Курило вынужден был с неделю оставаться дома, и какая досада, как раз когда начал он работу в больнице! Мы гуськом заходили к нему проведать. Волком он не смотрел на меня, но избегать стал: встретишься: «здравствуйте!» — а он будто газету читает.
Алексеев на меня ворчал, но и над Курилой подтрунивал: «чего было набрасываться на стакан, тоже доктор».
Всю зиму мы прожили на Дворянской у Дружбацких. А по весне всех нас турнули. Их барский дом за долги был продан.
И в первые роспуски по липкому серому снегу мы выходили с парадного хода все вместе: пани Станислава, панна Юлия и прислуга Броня с узелком, а за Броней мы, без Курилы, в больнице на работе, Алексеев, Баршев, Горвиц и я.
Новые владельцы шли этой же дорогой по липкому серому снегу нам навстречу: Карпинские. Студент — Вячеслав Алексеевич — с нами поздоровался. (Его путь тоже как и мой: Вологда, потом эмиграция, а в революцию редактор «Деревенской Бедноты»).
До окончания ремонта дома новые хозяева разрешили мне поселиться в пристройке к дому: кухня и лакейская. И тут, в лакейской, начинается самая моя, на меня не похожая, деятельная жизнь — мой нелегальный чемодан пускаю в дело.
12. В ЛАКЕЙСКОЙ
В годы символизма, и в расцвете Горького, Леонида Андреева, Куприна, Арцыбашева, Вербицкой и религиозно-философских собраний петербургских безбожников расхлестывался, подручный В. П. Буренина, — «Белый Лебедь» Анатолий Бурнакин. Подцепить и повернуть или, как принято выражаться, «отделать» его обуянная страсть. Буренин и Бурнакин — один перед другим: у кого зуб острей! — упражнялись по пятницам в «Новом Времени».

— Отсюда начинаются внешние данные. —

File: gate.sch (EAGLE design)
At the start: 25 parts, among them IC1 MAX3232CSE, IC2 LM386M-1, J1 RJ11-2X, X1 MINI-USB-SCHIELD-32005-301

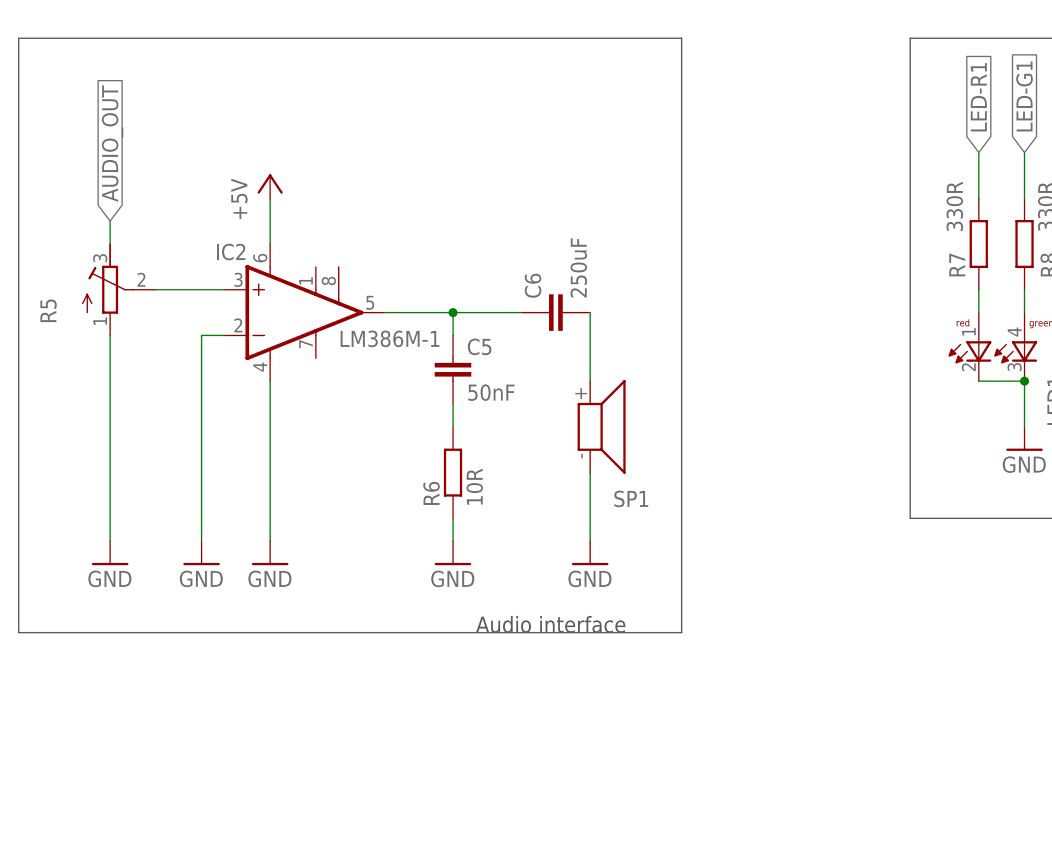
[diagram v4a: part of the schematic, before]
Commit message: Add volume resistor ladder for audio output
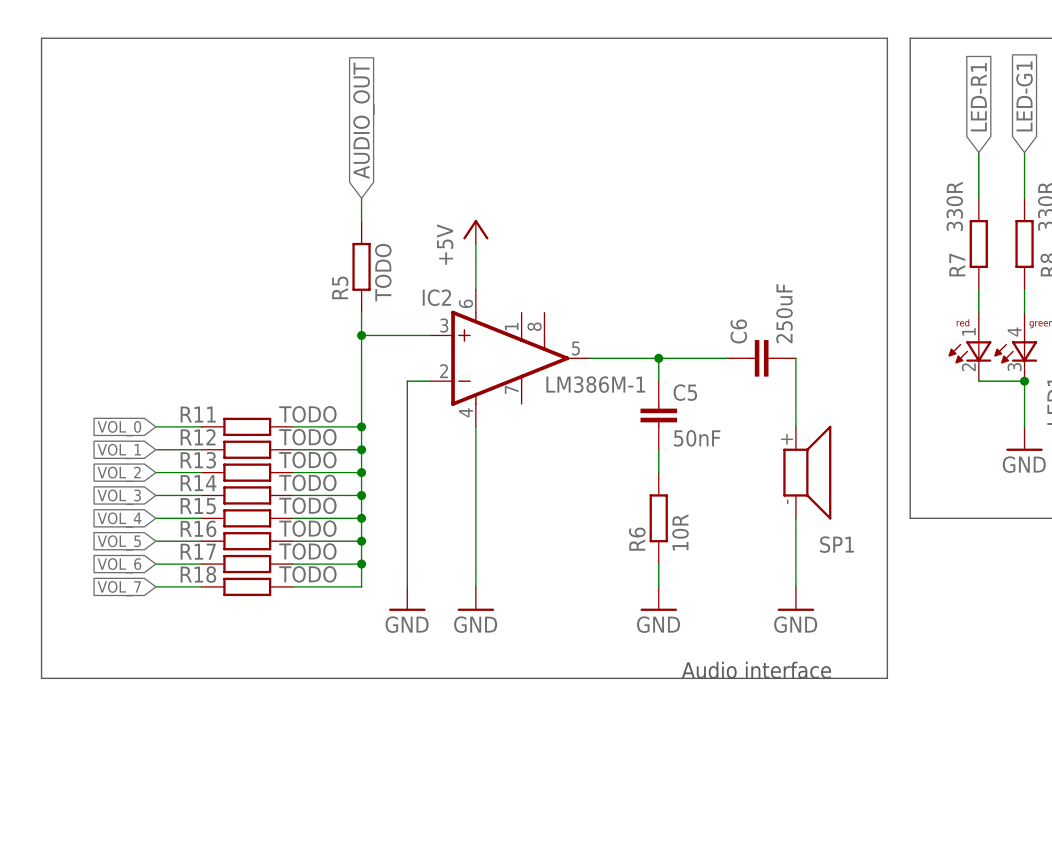
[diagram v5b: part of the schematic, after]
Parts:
- added R11, R12, R13, R14, R15, R16, R17, R18: TODO, rcl:R-EU_R0805
- R5: value (none) -> TODO; device rcl:R-TRIMM3339P -> rcl:R-EU_R0805
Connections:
- new net VOL_0: R11.1
- new net VOL_1: R12.1
- new net VOL_2: R13.1
- new net VOL_3: R14.1
- new net VOL_4: R15.1
- new net VOL_5: R16.1
- new net VOL_6: R17.1
- new net VOL_7: R18.1
- net AUDIO_OUT: now also R5.2; no longer R5.E
- net GND: no longer R5.A
- net N$15: now also R11.2, R12.2, R13.2, R14.2, R15.2, R16.2, R17.2, R18.2, R5.1; no longer R5.S
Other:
- moved on the sheet: C5, C6, IC2, R6, SP1

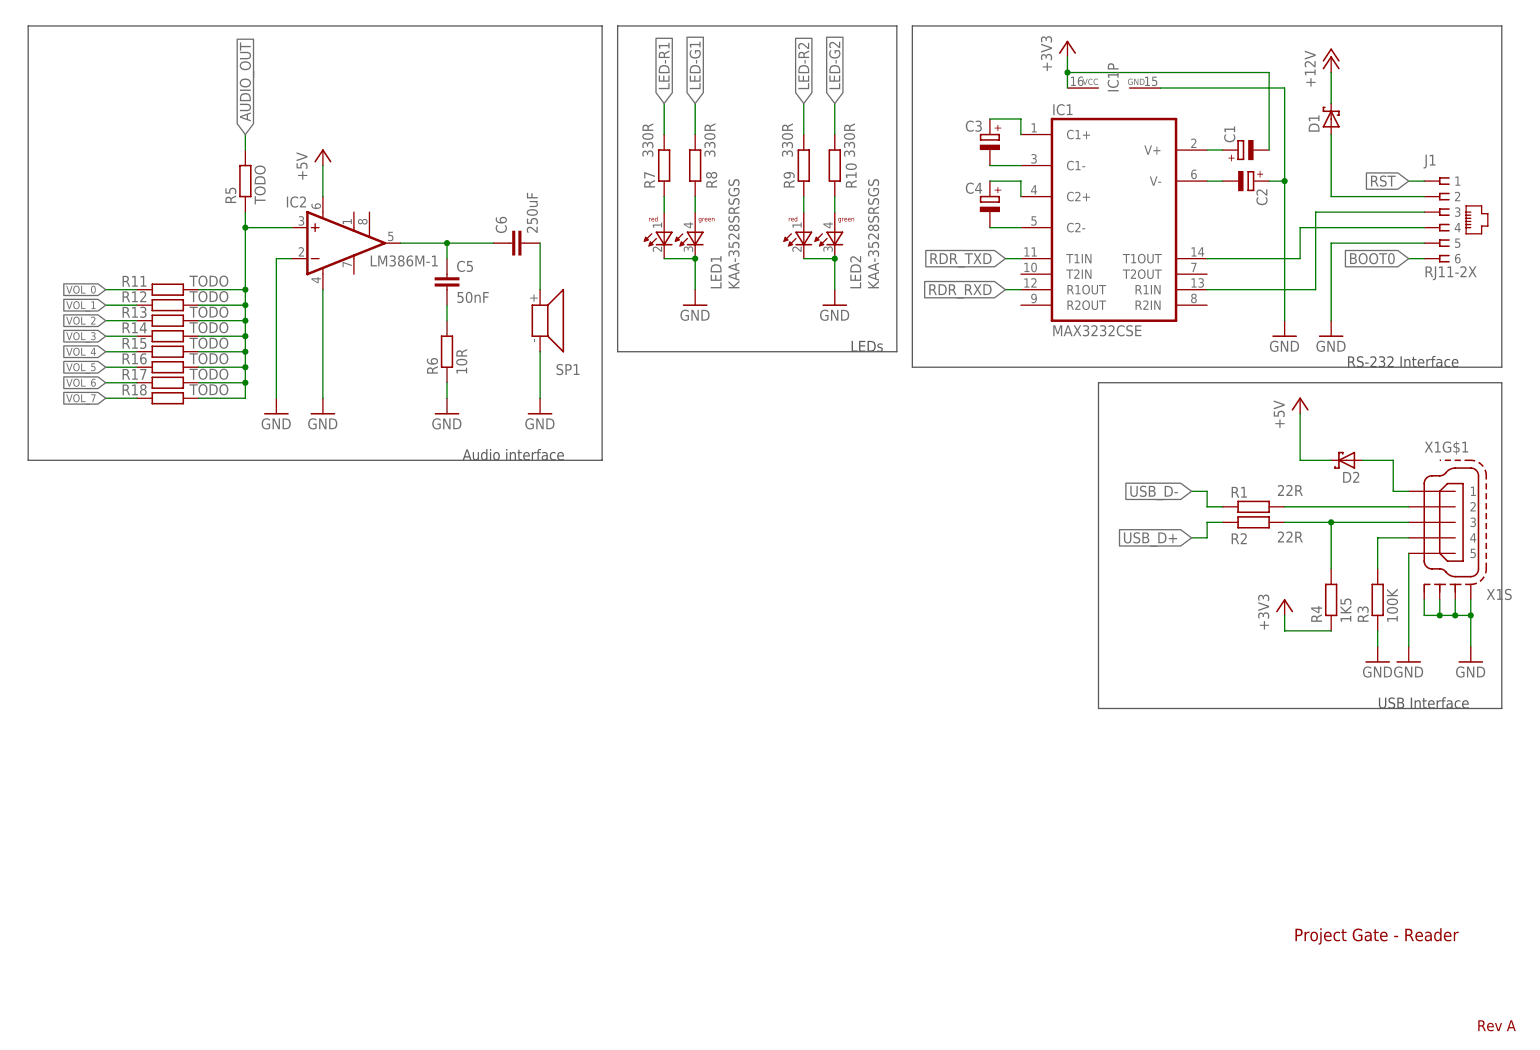
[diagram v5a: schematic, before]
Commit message: Add STM32F0[72|51] MCU
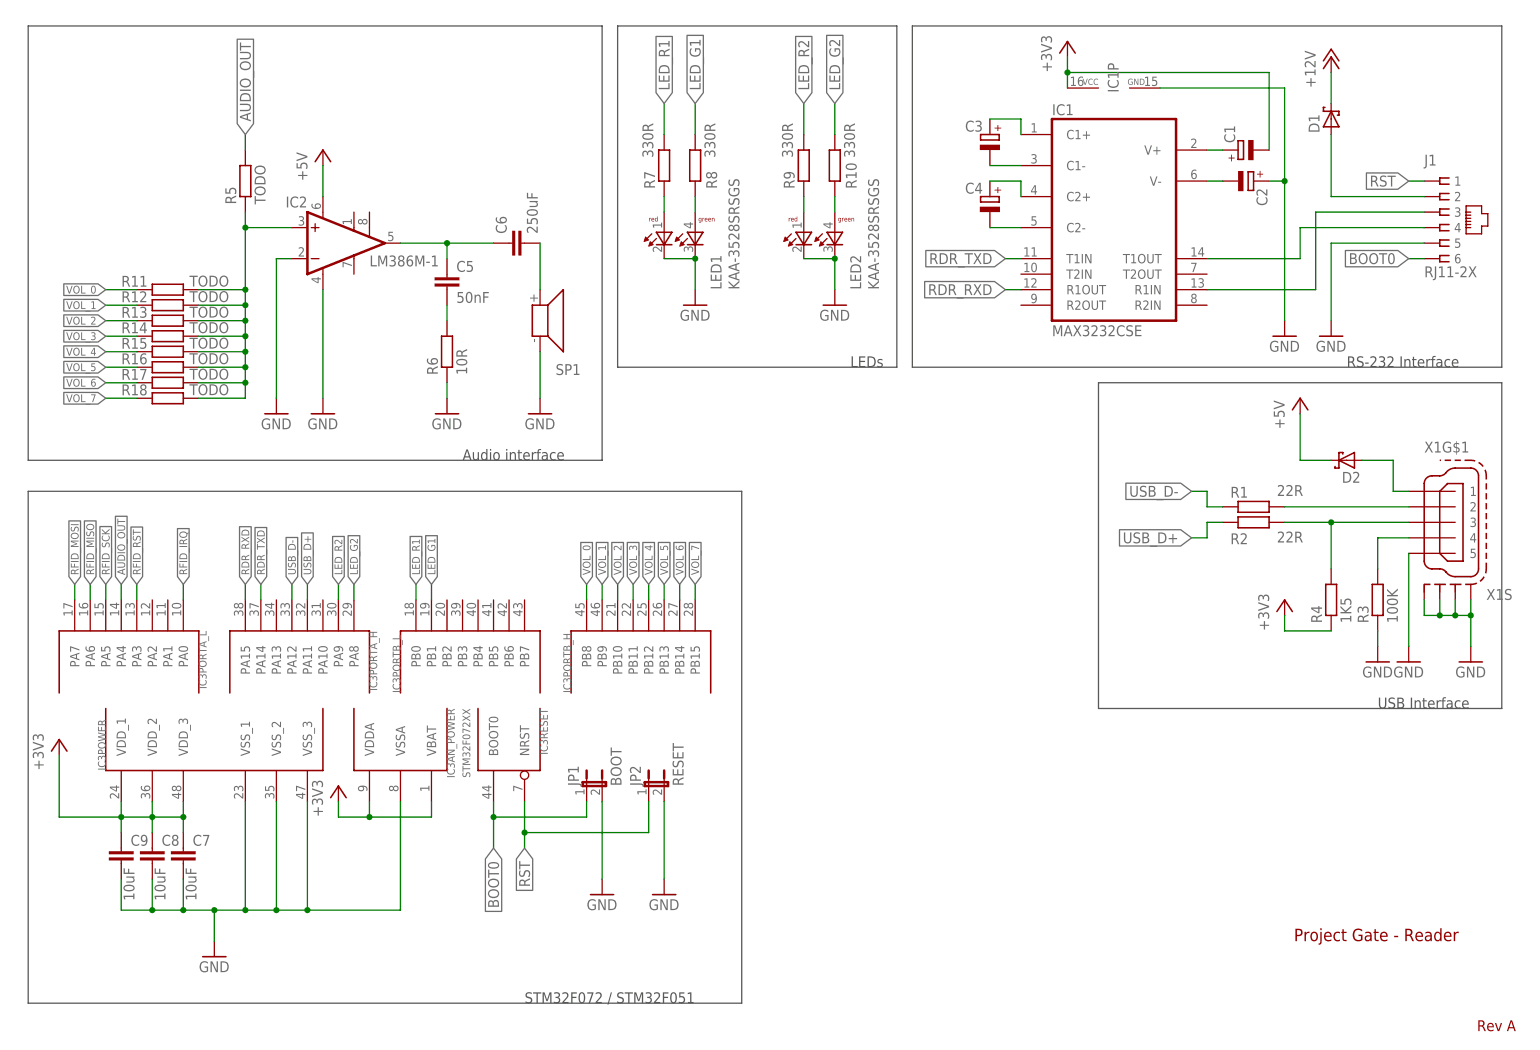
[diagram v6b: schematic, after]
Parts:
- added C7, C8, C9: 10uF, rcl:C-EUC0805
- added IC3: STM32F072XX, stm32f051:STM32F072XX
- added JP1: BOOT, jumper:JP1E
- added JP2: RESET, jumper:JP1E
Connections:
- removed net LED-G1: R8.2
- removed net LED-G2: R10.2
- removed net LED-R1: R7.2
- removed net LED-R2: R9.2
- new net LED_G1: IC3PORTB_L.PB1, R8.2
- new net LED_G2: IC3PORTA_H.PA8, R10.2
- new net LED_R1: IC3PORTB_L.PB0, R7.2
- new net LED_R2: IC3PORTA_H.PA9, R9.2
- new net RFID_IRQ: IC3PORTA_L.PA0
- new net RFID_MISO: IC3PORTA_L.PA6
- new net RFID_MOSI: IC3PORTA_L.PA7
- new net RFID_RST: IC3PORTA_L.PA3
- new net RFID_SCK: IC3PORTA_L.PA5
- net +3V3: now also C7.1, C8.1, C9.1, IC3AN_POWER.VBAT, IC3AN_POWER.VDDA, IC3POWER.VDD_1, IC3POWER.VDD_2, IC3POWER.VDD_3
- net AUDIO_OUT: now also IC3PORTA_L.PA4
- net BOOT0: now also IC3RESET.BOOT0, JP1.1
- net GND: now also C7.2, C8.2, C9.2, IC3AN_POWER.VSSA, IC3POWER.VSS_1, IC3POWER.VSS_2, IC3POWER.VSS_3, JP1.2, JP2.2
- net RDR_RXD: now also IC3PORTA_H.PA15
- net RDR_TXD: now also IC3PORTA_H.PA14
- net RST: now also IC3RESET.NRST, JP2.1
- net USB_D+: now also IC3PORTA_H.PA11
- net USB_D-: now also IC3PORTA_H.PA12
- net VOL_0: now also IC3PORTB_H.PB8
- net VOL_1: now also IC3PORTB_H.PB9
- net VOL_2: now also IC3PORTB_H.PB10
- net VOL_3: now also IC3PORTB_H.PB11
- net VOL_4: now also IC3PORTB_H.PB12
- net VOL_5: now also IC3PORTB_H.PB13
- net VOL_6: now also IC3PORTB_H.PB14
- net VOL_7: now also IC3PORTB_H.PB15
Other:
- note added: "STM32F072 / STM32F051"

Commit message: Add RFID module
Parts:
- added C10: 10uF, rcl:C-EUC0805
- added M1: (no value), mfrc522-module:RFID-RC522
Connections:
- new net RFID_SS: IC3PORTA_L.PA1, M1.8
- net +3V3: now also C10.1, M1.1
- net GND: now also C10.2, M1.3
- net RFID_IRQ: now also M1.4
- net RFID_MISO: now also M1.5
- net RFID_MOSI: now also M1.6
- net RFID_RST: now also M1.2
- net RFID_SCK: now also M1.7
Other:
- note added: "RFID module"
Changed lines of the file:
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@@
 <setting verticaltext="up"/>
 </settings>
-<grid distance="0.1" unitdist="inch" unit="inch" style="lines" multiple="1" display="yes" altdistance="0.01" altunitdist="inch" altunit="inch"/>
+<grid distance="0.05" unitdist="inch" unit="inch" style="lines" multiple="1" display="yes" altdistance="0.01" altunitdist="inch" altunit="inch"/>
 <layers>
 <layer number="1" name="Top" color="4" fill="1" visible="no" active="no"/>
@@
 <part name="+3V3" library="supply1" deviceset="+3V3" device=""/>
 <part name="+3V4" library="supply1" deviceset="+3V3" device=""/>
+<part name="M1" library="mfrc522-module" deviceset="RFID-RC522" device=""/>
+<part name="+3V5" library="supply1" deviceset="+3V3" device=""/>
+<part name="GND15" library="supply1" deviceset="GND" device=""/>
+<part name="C10" library="rcl" deviceset="C-EU" device="C0805" value="10uF"/>
 </parts>
 <sheets>
@@
 <wire x1="10.16" y1="10.16" x2="10.16" y2="93.98" width="0.1524" layer="97"/>
 <text x="91.44" y="10.16" size="1.778" layer="97" font="vector">STM32F072 / STM32F051</text>
+<wire x1="185.42" y1="57.15" x2="251.46" y2="57.15" width="0.1524" layer="97"/>
+<wire x1="251.46" y1="57.15" x2="251.46" y2="26.67" width="0.1524" layer="97"/>
+<wire x1="251.46" y1="26.67" x2="185.42" y2="26.67" width="0.1524" layer="97"/>
+<wire x1="185.42" y1="26.67" x2="185.42" y2="57.15" width="0.1524" layer="97"/>
+<text x="233.68" y="26.67" size="1.778" layer="97" font="vector">RFID module</text>
 </plain>
 <instances>
@@
 <instance part="+3V3" gate="G$1" x="15.24" y="53.34"/>
 <instance part="+3V4" gate="G$1" x="60.96" y="45.72"/>
+<instance part="M1" gate="A" x="227.33" y="43.18" smashed="yes">
+<attribute name="NAME" x="243.84" y="51.435" size="1.778" layer="95"/>
+<attribute name="VALUE" x="223.52" y="27.94" size="1.778" layer="96"/>
+</instance>
+<instance part="+3V5" gate="G$1" x="198.12" y="55.88" smashed="yes">
+<attribute name="VALUE" x="199.39" y="54.61" size="1.778" layer="96"/>
+</instance>
+<instance part="GND15" gate="1" x="198.12" y="30.48"/>
+<instance part="C10" gate="G$1" x="195.58" y="49.53" smashed="yes">
+<attribute name="NAME" x="194.564" y="51.181" size="1.778" layer="95" rot="R180"/>
+<attribute name="VALUE" x="194.945" y="41.656" size="1.778" layer="96" rot="R90"/>
+</instance>
 </instances>
 <busses>
@@
 <junction x="55.88" y="25.4"/>
 </segment>
+<segment>
+<pinref part="M1" gate="A" pin="3"/>
+<pinref part="GND15" gate="1" pin="GND"/>
+<wire x1="224.79" y1="46.99" x2="198.12" y2="46.99" width="0.1524" layer="91"/>
+<wire x1="198.12" y1="46.99" x2="198.12" y2="44.45" width="0.1524" layer="91"/>
+<pinref part="C10" gate="G$1" pin="2"/>
+<wire x1="198.12" y1="44.45" x2="198.12" y2="33.02" width="0.1524" layer="91"/>
+<wire x1="195.58" y1="44.45" x2="198.12" y2="44.45" width="0.1524" layer="91"/>
+<junction x="198.12" y="44.45"/>
+</segment>
 </net>
 <net name="N$1" class="0">
@@
 <wire x1="76.2" y1="40.64" x2="66.04" y2="40.64" width="0.1524" layer="91"/>
 <junction x="66.04" y="40.64"/>
+</segment>
+<segment>
+<pinref part="M1" gate="A" pin="1"/>
+<pinref part="+3V5" gate="G$1" pin="+3V3"/>
+<wire x1="224.79" y1="52.07" x2="198.12" y2="52.07" width="0.1524" layer="91"/>
+<wire x1="198.12" y1="52.07" x2="198.12" y2="53.34" width="0.1524" layer="91"/>
+<pinref part="C10" gate="G$1" pin="1"/>
+<wire x1="195.58" y1="52.07" x2="198.12" y2="52.07" width="0.1524" layer="91"/>
+<junction x="198.12" y="52.07"/>
 </segment>
 </net>
@@
 <label x="22.86" y="78.74" size="1.27" layer="95" rot="R90" xref="yes"/>
 </segment>
+<segment>
+<pinref part="M1" gate="A" pin="7"/>
+<wire x1="224.79" y1="36.83" x2="214.63" y2="36.83" width="0.1524" layer="91"/>
+<label x="214.63" y="36.83" size="1.27" layer="95" rot="R180" xref="yes"/>
+</segment>
 </net>
 <net name="RFID_MISO" class="0">
@@
 <label x="20.32" y="78.74" size="1.27" layer="95" rot="R90" xref="yes"/>
 </segment>
+<segment>
+<pinref part="M1" gate="A" pin="5"/>
+<wire x1="224.79" y1="41.91" x2="214.63" y2="41.91" width="0.1524" layer="91"/>
+<label x="214.63" y="41.91" size="1.27" layer="95" rot="R180" xref="yes"/>
+</segment>
 </net>
 <net name="RFID_MOSI" class="0">
@@
 <label x="17.78" y="78.74" size="1.27" layer="95" rot="R90" xref="yes"/>
 </segment>
+<segment>
+<pinref part="M1" gate="A" pin="6"/>
+<wire x1="224.79" y1="39.37" x2="214.63" y2="39.37" width="0.1524" layer="91"/>
+<label x="214.63" y="39.37" size="1.27" layer="95" rot="R180" xref="yes"/>
+</segment>
 </net>
 <net name="RFID_RST" class="0">
@@
 <label x="27.94" y="78.74" size="1.27" layer="95" rot="R90" xref="yes"/>
 </segment>
+<segment>
+<pinref part="M1" gate="A" pin="2"/>
+<wire x1="224.79" y1="49.53" x2="214.63" y2="49.53" width="0.1524" layer="91"/>
+<label x="214.63" y="49.53" size="1.27" layer="95" rot="R180" xref="yes"/>
+</segment>
 </net>
 <net name="RFID_IRQ" class="0">
@@
 <label x="35.56" y="78.74" size="1.27" layer="95" rot="R90" xref="yes"/>
 </segment>
+<segment>
+<pinref part="M1" gate="A" pin="4"/>
+<wire x1="224.79" y1="44.45" x2="214.63" y2="44.45" width="0.1524" layer="91"/>
+<label x="214.63" y="44.45" size="1.27" layer="95" rot="R180" xref="yes"/>
+</segment>
 </net>
 <net name="LED_G2" class="0">
@@
 </segment>
 </net>
+<net name="RFID_SS" class="0">
+<segment>
+<pinref part="IC3" gate="PORTA_L" pin="PA1"/>
+<wire x1="33.02" y1="76.2" x2="33.02" y2="78.74" width="0.1524" layer="91"/>
+<label x="33.02" y="78.74" size="1.27" layer="95" rot="R90" xref="yes"/>
+</segment>
+<segment>
+<pinref part="M1" gate="A" pin="8"/>
+<wire x1="224.79" y1="34.29" x2="214.63" y2="34.29" width="0.1524" layer="91"/>
+<label x="214.63" y="34.29" size="1.27" layer="95" rot="R180" xref="yes"/>
+</segment>
+</net>

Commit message: Add SWD header
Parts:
- added JP3: (no value), pinhead:PINHD-1X6
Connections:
- removed net RDR_TXD: IC1G$1.T1IN, IC3PORTA_H.PA14
- new net RDR_TXD/SWDIO: IC1G$1.T1IN, IC3PORTA_H.PA14, JP3.4
- new net SWCLK: IC3PORTA_H.PA13, JP3.2
- new net T_SWO: IC3PORTB_L.PB3, JP3.6
- net +3V3: now also JP3.1
- net GND: now also JP3.3
- net RST: now also JP3.5
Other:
- note added: "SWD"
- moved on the sheet: C1, C2, C3, C4, D1, IC1, IC1P

Откуда это у нас такая бурбунная традиция: Булгарин — Буренин — Бурнакин — Бунин. Все новое, что появляется в литературе, рассматривалось как личное оскорбление, а автора — как дерзкого обидчика. Ни в каком ремесле нет места такому отношению. Или это наше писательское преимущество: один другого не терпит.
Если в словах ничего выпирающего не окажется, тоже и особенных мыслей не вылезло, и все было тихо, гладко и бесцветно, Бурнакин не унимался и в конце писал заключение, «что из всей этой тихости и безобидности прет лакейская душа». И никто не мог избежать этого последнего слова литературной критики.
Вот не поверил бы Бурнакин, если я, не раз претерпевший от его «критики», скажу, что в чем-то он был прав: нигде я не почувствовал себя на месте, как именно в лакейской.
Лакейская в доме Карпинских на Дворянской — моя завидная доля. Какие это пензенские лакеи, мои предшественники, пели тут под балалайку и осенний ветер «крепостную», изъеденную черной тоской: «две собачки впереди, два лакея позади». И только тени и я — в первый раз на воле один, без соседей, у себя.
Лакейская, почта, колбасная и пекарня — свой воздух, неистребимо. Но мне посчастливилось: бурнакинский «дух» я проветрил апельсинной коркой. А чуть зазеленеет — окно из лакейской в сад — полетят ко мне березовые сережки, и о Бурнакине не останется и помину.
По
Гимназист — это был Николай Дмитриевич Авксентьев, при Керенском будет министром, поразил меня своей негимназической речистостью. Я его слушал, ни разу слова не вставя, да он и не нуждался. Он был совершенно законченный — сверхгимназист — таким и останется, университет кончит. О чем говорил он, и очень умно, не могу вспомнить, красноречие затерло мысль.
Совсем другое — Лопуховский: он внимательно слушал, и на простые вопросы отвечал застенчиво и робко. А смотрел с какой-то болью.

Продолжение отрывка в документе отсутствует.